With that caveat, I was pretty impressed by the level of performance that Toshiba achieved in such a small package. As I went through a normal workday using Microsoft Office applications such as Outlook, PowerPoint, Lync, Excel and Windows standards such as Internet Explorer 9, the Portégé Z830 kept pace with a busy day. The Windows Experience Index below shows that the Portégé Z830 is a strong, all-around performer in its core components.

2

Startup on the Toshiba Portégé Z830 from a cold boot is fast. I hit the password screen in about 22 seconds. Shutdown was around 11 seconds for the rare times that you will use that function. Resuming from and going to sleep take less than two seconds. I don’t typically cite any times below two seconds because I don’t trust my precision with a stopwatch with such short times.

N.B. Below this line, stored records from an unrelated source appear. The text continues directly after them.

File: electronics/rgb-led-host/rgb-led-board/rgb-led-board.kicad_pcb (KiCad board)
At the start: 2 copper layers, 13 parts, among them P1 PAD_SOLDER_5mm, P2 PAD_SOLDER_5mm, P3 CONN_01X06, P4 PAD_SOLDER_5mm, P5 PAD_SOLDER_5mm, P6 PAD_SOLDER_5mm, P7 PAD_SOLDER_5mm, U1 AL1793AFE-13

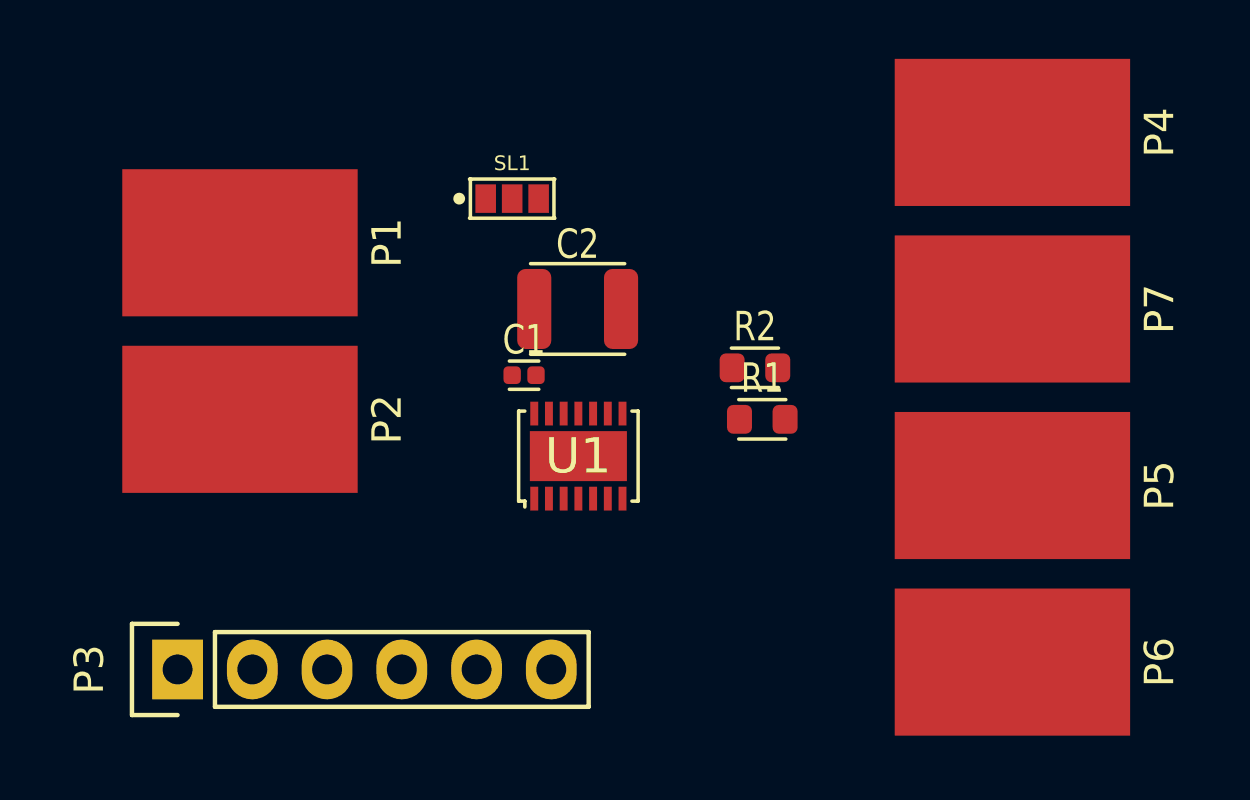
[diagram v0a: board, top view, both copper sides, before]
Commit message: Updates to schematic and PCB layout
Routed and cosmetics placed.
Ready for fab exports.
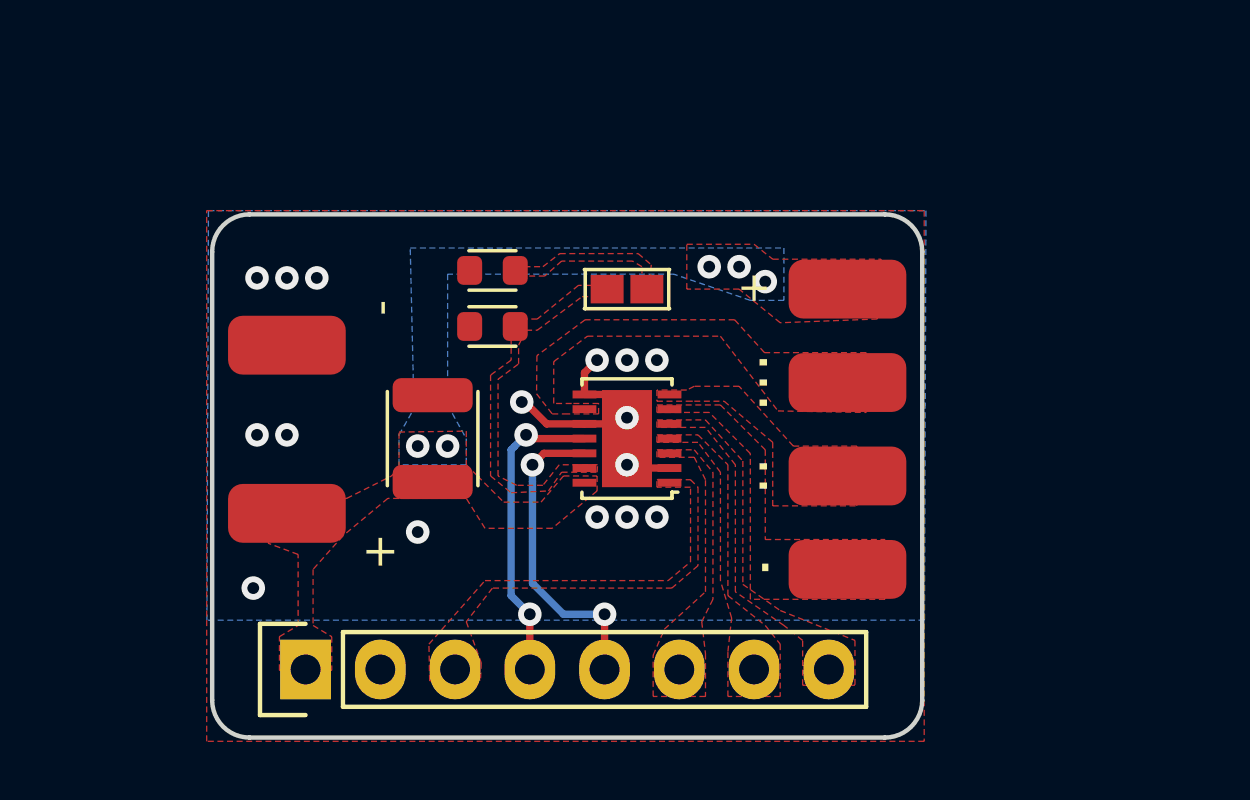
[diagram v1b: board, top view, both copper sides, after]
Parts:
- removed C2: 22u_X7R_3225M, Applidyne_Capacitor:CAPC3225X170N
- C1: value 100n_X7R_1005M -> 22u_X7R_3225M; footprint Applidyne_Capacitor:CAPC1005X60N -> Applidyne_Capacitor:CAPC3225X170N
- P1, P2, P4, P5, P6, P7: value PAD_SOLDER_5mm -> PAD_SOLDER_2mm; footprint Applidyne_Connector:PAD_SOLDER_5mm -> Applidyne_Connector:PAD_SOLDER_2mm
- P3: value CONN_01X06 -> CONN_01X08; footprint Applidyne_Connector_Wurth:61300611121 -> Applidyne_Connector_Wurth:61300811121
- SL1: value SOLDER-LINK-3 -> SOLDER-LINK-2; footprint Applidyne_Link:SJ1608-3N -> Applidyne_Link:SJ1608-2N
- moved R1 10.5 mm to (132.1, 59.7), turned to 180 degrees
- moved P1 9.33 mm to (125.1, 67.9)
- moved R2 9.03 mm to (132.1, 61.6), turned to 180 degrees
- moved P6 8.45 mm to (144.1, 66.7)
- moved P4 7.73 mm to (144.1, 60.3)
- moved P5 6.29 mm to (144.1, 69.8)
- moved P7 6.14 mm to (144.1, 63.5)
- moved SL1 4.97 mm to (136.7, 60.3), turned to 180 degrees
- moved P3 4.35 mm to (125.7, 73.2)
- moved C1 3.78 mm to (130.0, 65.4), turned to 90 degrees
- moved P2 2.98 mm to (125.1, 62.2)
- moved U1 1.76 mm to (136.7, 65.4), turned to 90 degrees
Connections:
- C1 pad 1: GND -> +POWER
- C1 pad 2: +POWER -> GND
- P3 pad 1: /ENABLE -> +POWER
- P3 pad 2: /FAULT -> GND
- P3 pad 3: /POWER_GOOD -> /ENABLE
- P3 pad 4: /PWM1 -> /POWER_GOOD
- P3 pad 5: /PWM2 -> /~FAULT
- SL1 pad 2: Net-(SL1-Pad2) -> Net-(R2-Pad1)
- U1 pad 12: /FAULT -> /~FAULT
- U1 pad 13: Net-(SL1-Pad2) -> Net-(R2-Pad1)
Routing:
- net /~FAULT: track 0.00 -> 10.7 mm, vias 0 -> 2
- net /POWER_GOOD: track 0.00 -> 10.5 mm, vias 0 -> 2
- net GND: track 0.00 -> 8.75 mm, vias 0 -> 16
- net /LED_2: track 0.00 -> 1.02 mm
- net +POWER: vias 0 -> 5
- added copper zone on B.Cu, net +POWER
- added copper zone on F.Cu, net +POWER
- added copper zone on F.Cu, net /ENABLE
- added copper zone on F.Cu, net /LED_1
- added copper zone on F.Cu, net /LED_2
- added copper zone on F.Cu, net /LED_3
- added copper zone on F.Cu, net /PWM1
- added copper zone on F.Cu, net /PWM2
- added copper zone on F.Cu, net /PWM3
- added copper zone on B.Cu, net GND
- added copper zone on F.Cu, net GND
- added copper zone on F.Cu, net Net-(R1-Pad1)
- added copper zone on F.Cu, net Net-(R2-Pad1)
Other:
- board outline added: 24.1 x 17.8 mm
- board text added: "+"
- board text added: "-"
- board text added: "."
- board text added: ".."
- board text added: "1"
- board text added: "2"
- board text added: "2018 S.Rapson"
- board text added: "3"
- board text added: "EN"
- board text added: "GND"
- board text added: "PG"
- board text added: "VCC"
- board text added: "max 30V"
- board text added: "~FAULT"
- board text added: "…"

In such a small package it might be a reasonable expectation that battery life is one of the tradeoffs, however I found that to be far from the case. The Toshiba Portégé Z830 delivered more than six hours of working time away from A/C power on most days. For me, this typically meant that I could use the Portégé Z830 all day without a recharge if there were a few meetings where I didn’t have my laptop open. Toshiba cites 8+ hours of battery life, so your usage may vary. Regardless of the final number, the Portégé Z830 provides a very good mix of raw performance and battery life in an incredibly small package.

Look, Feel and Features

Style is certainly a personal decision, but I am a big fan of the Toshiba Portégé Z830’s physical appearance. Judging by the number of people who stopped by me at work or in a café to admire and compliment my PC, I think it’s safe to say that the crowds approve. For a sophisticated business user, the Portégé Z830 presents an image that would match any bespoke suit.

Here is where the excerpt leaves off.